I based a lot of the post-68 stuff on my own memory so some of it is iffy -- and admittedly prejudiced by my views --- history is what I say it is does not work for me so I hope to do lots of follow-up, including some video interview with key people. (I'm so sorry I didn't get to Paul Baizerman who died last December.)
Peter Pamphere sent some suggestions from Viet Nam where he is spending 3 months.
To help folks prepare for the discussion this coming Thursday on the UFT Past and Present, I wanted to encourage people to read the pamphlet Teacher Power, by Steve Zeluck. I found it really useful when preparing for the workshop on UFT history for the State of the Union conference (thanks Norm for posting the video!), and we did some very productive study groups around in GEM. It was written in the '70s, but some of the critique of the union leadership reads like it could have been written yesterday, and provides what I think is a very useful analysis of why our union is the way it is.
You can download it from the link below...
Videos are here: presented by Michael Fiorillo and Peter Lamphere at the State of the Union conference (Feb. 4. 2012).
Michael: Teacher unions up to 1968 (22 minutes): https://vimeo.com/45094559
Peter: Post 1968 (15 minutes): https://vimeo.com/45094560
Both videos plus the Q&A (1 hour): https://vimeo.com/45094713
I moved the blurb below to the top of the sidebar:
History of the UFT Pre-Weingarten Years
This award-winning
series of articles by Jack Schierenbeck originally appeared in the
New York Teacher in 1996 and 1997 - naturally, from a certain point of view. But, despite certain biases, Schierenbeck, a great guy, was one of the best NY Teacher reporters so this is worth reading. Jack suffered a debilitating stroke many years ago (I used to get secret donations to ed notes from him through a 3rd source.)
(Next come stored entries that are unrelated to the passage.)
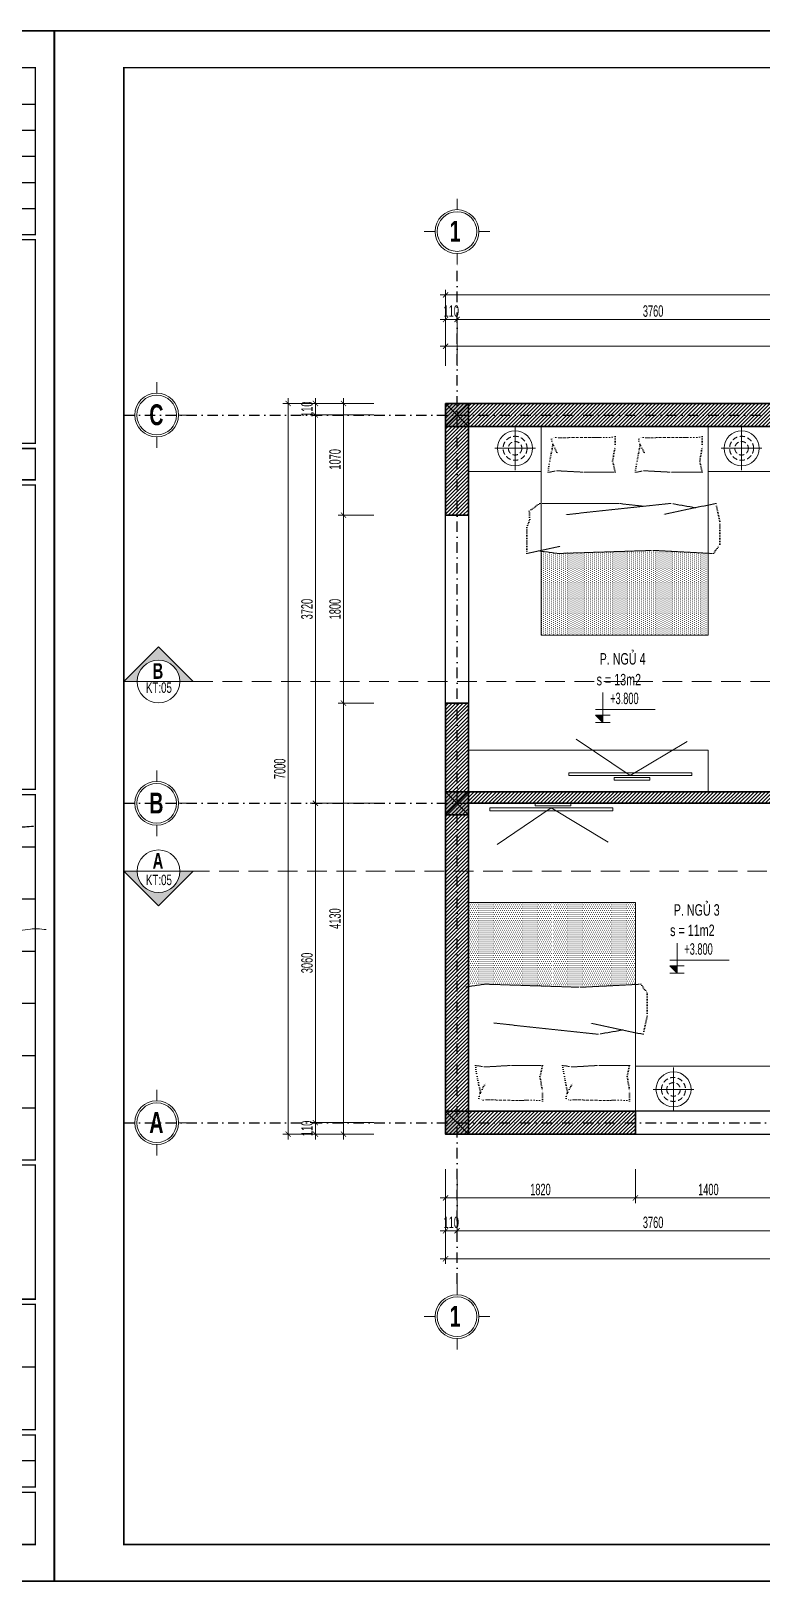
# Model space of a CAD drawing. Header units: inches. Extents: x 274208 to 641690, y -81912 to 129129.
# Drawn here: x 447897 to 454897, y 89217 to 104067 of the extents above; entities that cross this region are included whole.
import ezdxf
from ezdxf.enums import TextEntityAlignment as Align

# ---------------------------------------------------------------- set-up
doc = ezdxf.new("R2010")
doc.units = ezdxf.units.IN
doc.header["$MEASUREMENT"] = 0
doc.header["$PDMODE"] = 3
for name, pattern in [('$1$HIDDEN', [0.375, 0.25, -0.125]), ('ACAD_ISO07W100', [3, 0, -3]), ('DASHDOT', [1, 0.5, -0.25, 0, -0.25]), ('HIDDEN', [0.375, 0.25, -0.125])]:
    doc.linetypes.add(name, pattern=pattern)
for name, color, linetype, lineweight in [('01.Cut', 255, 'Continuous', 35), ('02.Thay', 145, 'Continuous', 20), ('03.Manh', 251, 'Continuous', 13), ('05.Text', 253, 'Continuous', 18), ('06.betong', 2, 'Continuous', 35), ('08.Dim', 156, 'Continuous', 15), ('09.Hatch', 250, 'Continuous', 5), ('11.Khung bo', 32, 'Continuous', 50), ('12.Khung', 36, 'Continuous', 25), ('DIM', 252, 'Continuous', 20), ('NN_KI HIEU', 22, 'Continuous', 18)]:
    doc.layers.add(name, color=color, linetype=linetype, lineweight=lineweight)
for name, color, linetype in [('NET VUA', 143, 'Continuous'), ('text', 7, 'Continuous'), ('TRUC', 250, 'DASHDOT')]:
    doc.layers.add(name, color=color, linetype=linetype)
doc.layers.add('Tpl_Bound', color=1, linetype='Continuous', plot=False)
doc.styles.add('AVANTH', font='')
doc.styles.add('AVANTHB', font='')
doc.styles.add('TT5_Text Dim', font='hoatbif.shx', dxfattribs={"width": 0.6})
doc.styles.get('AVANTH').set_extended_font_data('.VnAvantH')
doc.styles.get('AVANTHB').set_extended_font_data('.VnAvantH', bold=True)
doc.dimstyles.new('TT5_Dim 1-50', dxfattribs={"dimscale": 50, "dimtxt": 2.2, "dimasz": 1, "dimexe": 1, "dimexo": 0.5, "dimgap": 0.5, "dimtad": 1, "dimdec": 0, "dimzin": 0, "dimdsep": 46, "dimtxsty": 'TT5_Text Dim', "dimblk": 'ARCHTICK', "dimcen": 0, "dimdle": 1, "dimclrd": 256, "dimclre": 256, "dimclrt": 1, "dimadec": 0, "dimazin": 0, "dimtfac": 0.015, "dimtdec": 0, "dimtix": 1, "dimtmove": 2, "dimatfit": 3, "dimldrblk": 'DOT', "dimfxl": 1, "dimtolj": 1, "dimtzin": 0, "dimlwd": -1, "dimlwe": -1, "dimarcsym": 1})

# ---------------------------------------------------------------- blocks, each defined once
blk = doc.blocks.new('100')
at = {"layer": '05.Text', "color": 1}
blk.add_arc((1901175, -931477), 3.2, 294.4268, 78.1554, dxfattribs=at)
for points, knots in [([(1899973, -931202), (1899967, -931200), (1899954, -931196), (1899938, -931203), (1899921, -931213), (1899904, -931232), (1899888, -931254), (1899873, -931280), (1899858, -931304), (1899845, -931331), (1899823, -931367), (1899803, -931414), (1899787, -931444), (1899771, -931483), (1899770, -931436), (1899785, -931413), (1899815, -931393), (1899836, -931391), (1899852, -931395), (1899861, -931406), (1899863, -931422), (1899859, -931447), (1899853, -931471), (1899843, -931498), (1899835, -931518), (1899808, -931572), (1899849, -931495), (1899866, -931465), (1899879, -931439), (1899894, -931428), (1899907, -931427), (1899911, -931438), (1899910, -931450), (1899905, -931465), (1899898, -931484), (1899890, -931509), (1899883, -931532), (1899866, -931581), (1899892, -931515), (1899904, -931486), (1899917, -931461), (1899934, -931439), (1899958, -931433), (1899972, -931447), (1899973, -931464), (1899969, -931478), (1899965, -931493), (1899957, -931508), (1899946, -931551), (1899963, -931503), (1899974, -931480), (1899983, -931445), (1900000, -931421), (1900020, -931411), (1900038, -931414), (1900044, -931426), (1900043, -931438), (1900042, -931451), (1900040, -931464), (1900037, -931478), (1900033, -931488), (1900029, -931500), (1900023, -931514), (1900006, -931554), (1900039, -931496), (1900053, -931468), (1900076, -931426), (1900096, -931405), (1900119, -931393), (1900136, -931407), (1900135, -931429), (1900129, -931452), (1900118, -931473), (1900113, -931491), (1900104, -931504), (1900098, -931513), (1900083, -931522), (1900083, -931497), (1900082, -931479), (1900087, -931447), (1900090, -931412), (1900108, -931364), (1900141, -931301), (1900188, -931216), (1900258, -931142), (1900329, -931084), (1900391, -931029), (1900463, -930996), (1900528, -930964), (1900585, -930952), (1900634, -930954), (1900661, -930993), (1900653, -931044), (1900623, -931100), (1900584, -931174), (1900522, -931236), (1900461, -931308), (1900391, -931375), (1900300, -931445), (1900213, -931523), (1900118, -931599), (1900022, -931665), (1899919, -931736), (1899859, -931775), (1899777, -931844), (1899852, -931830), (1899893, -931817), (1899948, -931795), (1900035, -931760), (1900144, -931709), (1900291, -931663), (1900444, -931614), (1900591, -931565), (1900725, -931540), (1900843, -931517), (1900958, -931495), (1901071, -931492), (1901141, -931484), (1901176, -931480)], [0, 0, 0, 0, 19.742736, 37.133711, 51.551109, 77.355177, 111.043228, 134.8749, 168.044937, 195.531963, 223.83206, 296.579604, 334.006538, 354.862187, 374.114917, 422.887411, 452.068937, 474.719362, 486.70833, 499.788035, 516.471079, 533.408581, 573.712401, 591.872122, 617.766461, 649.305708, 711.400313, 744.882204, 779.031282, 791.720508, 801.10504, 810.905666, 823.841208, 837.146436, 855.839349, 886.372303, 913.743024, 937.882632, 993.135332, 1012.578644, 1046.559001, 1074.358066, 1094.38071, 1111.558876, 1125.489315, 1142.037403, 1155.384571, 1170.812574, 1201.849995, 1226.568972, 1266.374313, 1298.841021, 1330.027806, 1350.1848, 1365.448368, 1376.030322, 1387.990701, 1400.504845, 1415.805625, 1427.557431, 1441.212789, 1450.201596, 1464.583471, 1494.495999, 1521.199494, 1587.987784, 1627.792367, 1655.66996, 1679.533207, 1692.164413, 1714.474488, 1740.036894, 1764.968925, 1782.60841, 1796.472323, 1809.830826, 1819.292283, 1836.233739, 1857.253702, 1884.806496, 1928.743175, 1964.457309, 2034.976788, 2144.109914, 2252.814524, 2339.891273, 2418.018128, 2499.388796, 2576.721957, 2632.226097, 2677.858721, 2710.777511, 2760.683591, 2822.385174, 2904.062327, 3008.271093, 3084.765208, 3187.609521, 3297.787944, 3427.826967, 3540.554364, 3658.919114, 3783.110455, 3891.383702, 3938.835148, 3988.246142, 4029.992376, 4088.279873, 4157.519033, 4314.85278, 4446.156677, 4620.795453, 4796.781347, 4910.081883, 5030.401018, 5157.390076, 5260.768552, 5368.159844, 5368.159844, 5368.159844, 5368.159844]), ([(1899807, -931830), (1899808, -931830), (1899809, -931830), (1899811, -931830), (1899812, -931830), (1899815, -931830), (1899816, -931830), (1899821, -931829), (1899824, -931829), (1899831, -931827), (1899835, -931827), (1899842, -931825), (1899845, -931825), (1899855, -931822), (1899860, -931821), (1899870, -931818), (1899875, -931816), (1899882, -931814), (1899884, -931813), (1899893, -931810), (1899900, -931807), (1899913, -931802), (1899920, -931800), (1899931, -931795), (1899935, -931793), (1899943, -931790), (1899946, -931789), (1899953, -931786), (1899956, -931785), (1899966, -931781), (1899972, -931778), (1899985, -931773), (1899991, -931771), (1900002, -931766), (1900006, -931765), (1900015, -931761), (1900019, -931759), (1900032, -931754), (1900040, -931750), (1900066, -931739), (1900083, -931731), (1900108, -931721), (1900116, -931717), (1900131, -931711), (1900137, -931709), (1900149, -931704), (1900154, -931702), (1900165, -931698), (1900170, -931696), (1900186, -931691), (1900197, -931687), (1900229, -931676), (1900250, -931670), (1900281, -931660), (1900290, -931657), (1900310, -931651), (1900319, -931647), (1900348, -931638), (1900367, -931632), (1900397, -931622), (1900407, -931619), (1900427, -931612), (1900437, -931609), (1900456, -931603), (1900465, -931600), (1900494, -931591), (1900513, -931584), (1900541, -931576), (1900550, -931573), (1900570, -931567), (1900581, -931565), (1900597, -931560), (1900603, -931559), (1900622, -931554), (1900634, -931551), (1900659, -931546), (1900671, -931544), (1900692, -931540), (1900701, -931538), (1900716, -931535), (1900723, -931534), (1900737, -931531), (1900744, -931530), (1900765, -931526), (1900779, -931523), (1900801, -931519), (1900809, -931518), (1900825, -931514), (1900833, -931513), (1900855, -931509), (1900870, -931506), (1900892, -931502), (1900900, -931501), (1900923, -931497), (1900939, -931494), (1900958, -931492), (1900962, -931492), (1900971, -931491), (1900975, -931490), (1900987, -931489), (1900995, -931489), (1901020, -931487), (1901037, -931486), (1901058, -931485), (1901063, -931485), (1901074, -931484), (1901080, -931484), (1901093, -931483), (1901099, -931482), (1901118, -931480), (1901130, -931479), (1901154, -931477), (1901165, -931475), (1901176, -931474)], [20.328887, 20.328887, 20.328887, 20.328887, 20.34966, 20.34966, 20.370433, 20.370433, 20.391207, 20.391207, 20.434161, 20.434161, 20.477115, 20.477115, 20.520069, 20.520069, 20.602897, 20.602897, 20.685725, 20.685725, 20.73073, 20.73073, 20.841809, 20.841809, 20.952889, 20.952889, 21.022543, 21.022543, 21.07671, 21.07671, 21.130876, 21.130876, 21.239209, 21.239209, 21.346164, 21.346164, 21.41774, 21.41774, 21.489317, 21.489317, 21.632469, 21.632469, 21.918775, 21.918775, 22.055033, 22.055033, 22.161922, 22.161922, 22.248189, 22.248189, 22.334455, 22.334455, 22.506988, 22.506988, 22.852054, 22.852054, 23.007369, 23.007369, 23.162684, 23.162684, 23.473314, 23.473314, 23.645655, 23.645655, 23.799507, 23.799507, 23.953358, 23.953358, 24.261061, 24.261061, 24.408804, 24.408804, 24.575973, 24.575973, 24.672801, 24.672801, 24.866458, 24.866458, 25.060115, 25.060115, 25.196763, 25.196763, 25.305273, 25.305273, 25.413783, 25.413783, 25.630804, 25.630804, 25.76457, 25.76457, 25.881574, 25.881574, 26.112213, 26.112213, 26.23287, 26.23287, 26.474182, 26.474182, 26.537592, 26.537592, 26.601002, 26.601002, 26.727823, 26.727823, 26.981464, 26.981464, 27.056988, 27.056988, 27.154575, 27.154575, 27.252161, 27.252161, 27.447334, 27.447334, 27.617006, 27.617006, 27.617006, 27.617006]), ([(1900027, -933500), (1900028, -933495), (1900029, -933475), (1900010, -933522), (1900041, -933557), (1900095, -933511), (1900154, -933461), (1900222, -933393), (1900280, -933312), (1900318, -933248), (1900355, -933202), (1900345, -933163), (1900297, -933190), (1900265, -933226), (1900221, -933280), (1900168, -933361), (1900108, -933445), (1900075, -933539), (1900057, -933597), (1900065, -933630), (1900077, -933654), (1900123, -933629), (1900176, -933586), (1900391, -933344), (1900537, -933217), (1900787, -932865), (1900665, -932986), (1900598, -933094), (1900494, -933261), (1900413, -933391), (1900396, -933454), (1900395, -933492), (1900470, -933407), (1900493, -933365), (1900645, -933168), (1900543, -933294), (1900513, -933336), (1900502, -933367), (1900498, -933393), (1900534, -933398), (1900569, -933370), (1900603, -933334), (1900678, -933245), (1900567, -933315), (1900453, -933362), (1900586, -933347), (1900655, -933323), (1900766, -933306), (1900830, -933287), (1900975, -933278), (1900875, -933295), (1900785, -933350), (1900604, -933442), (1900351, -933549), (1899955, -933689), (1899652, -933774), (1899240, -933977), (1899913, -933722), (1900222, -933624), (1900688, -933511), (1901024, -933457), (1901268, -933437), (1901368, -933451), (1901426, -933459)], [0, 0, 0, 0, 13.001549, 45.182046, 75.147666, 135.108377, 209.641321, 330.219786, 413.431736, 506.039568, 562.398795, 572.463919, 614.687261, 666.540181, 742.379066, 813.202468, 960.332922, 1047.085289, 1116.051756, 1131.302675, 1149.586427, 1184.79628, 1250.847983, 1377.568732, 2101.569807, 2168.068812, 2267.843813, 2387.363722, 2649.028258, 2817.08725, 2833.831444, 2854.618351, 2901.709158, 3027.903615, 3176.185809, 3269.626432, 3330.368571, 3346.796885, 3372.809813, 3391.190007, 3437.370987, 3499.325704, 3566.136718, 3664.560559, 3739.363206, 3816.79641, 3907.070556, 4014.590981, 4111.202593, 4196.764677, 4225.616608, 4342.07839, 4556.167365, 4806.734713, 5180.847788, 5782.871818, 5867.791252, 6344.624172, 6742.186194, 7236.015034, 7661.393477, 7790.355718, 7964.394921, 7964.394921, 7964.394921, 7964.394921])]:
    blk.add_open_spline(points, degree=3, knots=knots, dxfattribs=at)
at = {"layer": '11.Khung bo', "const_width": 26.7}
for points in [[(1860913, -945240), (1860913, -916940), (1896063, -916940), (1896063, -945240)], [(1896213, -920140), (1896213, -916940), (1901213, -916940), (1901213, -920140)], [(1896213, -924140), (1901213, -924140), (1901213, -920240), (1896213, -920240)], [(1896213, -924840), (1901213, -924840), (1901213, -924240), (1896213, -924240)], [(1896213, -930771), (1901213, -930771), (1901213, -924940), (1896213, -924940)], [(1896213, -937871), (1901213, -937871), (1901213, -930871), (1896213, -930871)], [(1896213, -940540), (1901213, -940540), (1901213, -937971), (1896213, -937971)], [(1896213, -943040), (1901213, -943040), (1901213, -940640), (1896213, -940640)], [(1896213, -944140), (1901213, -944140), (1901213, -943140), (1896213, -943140)], [(1896213, -945240), (1901213, -945240), (1901213, -944240), (1896213, -944240)]]:
    blk.add_lwpolyline(points, close=True, dxfattribs=at)
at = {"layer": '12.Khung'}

This chapter looks interesting:
“The schism in the union over radical politics [is] a major reason for stalling the growth of a teacher union for decades.” Revolutionary politics and ideology take center stage, as the original Teachers Union becomes a battlefield, pitting leftist against leftist and splitting the union.
Clarence Taylor's "Reds at the Blackboard" focused on the old Teachers Union which disbanded in 1964 after suffering from anti-left attacks.
Of course for another view, check out the
review of the Kahlenberg Bio on Shanker by Vera Pavone and me.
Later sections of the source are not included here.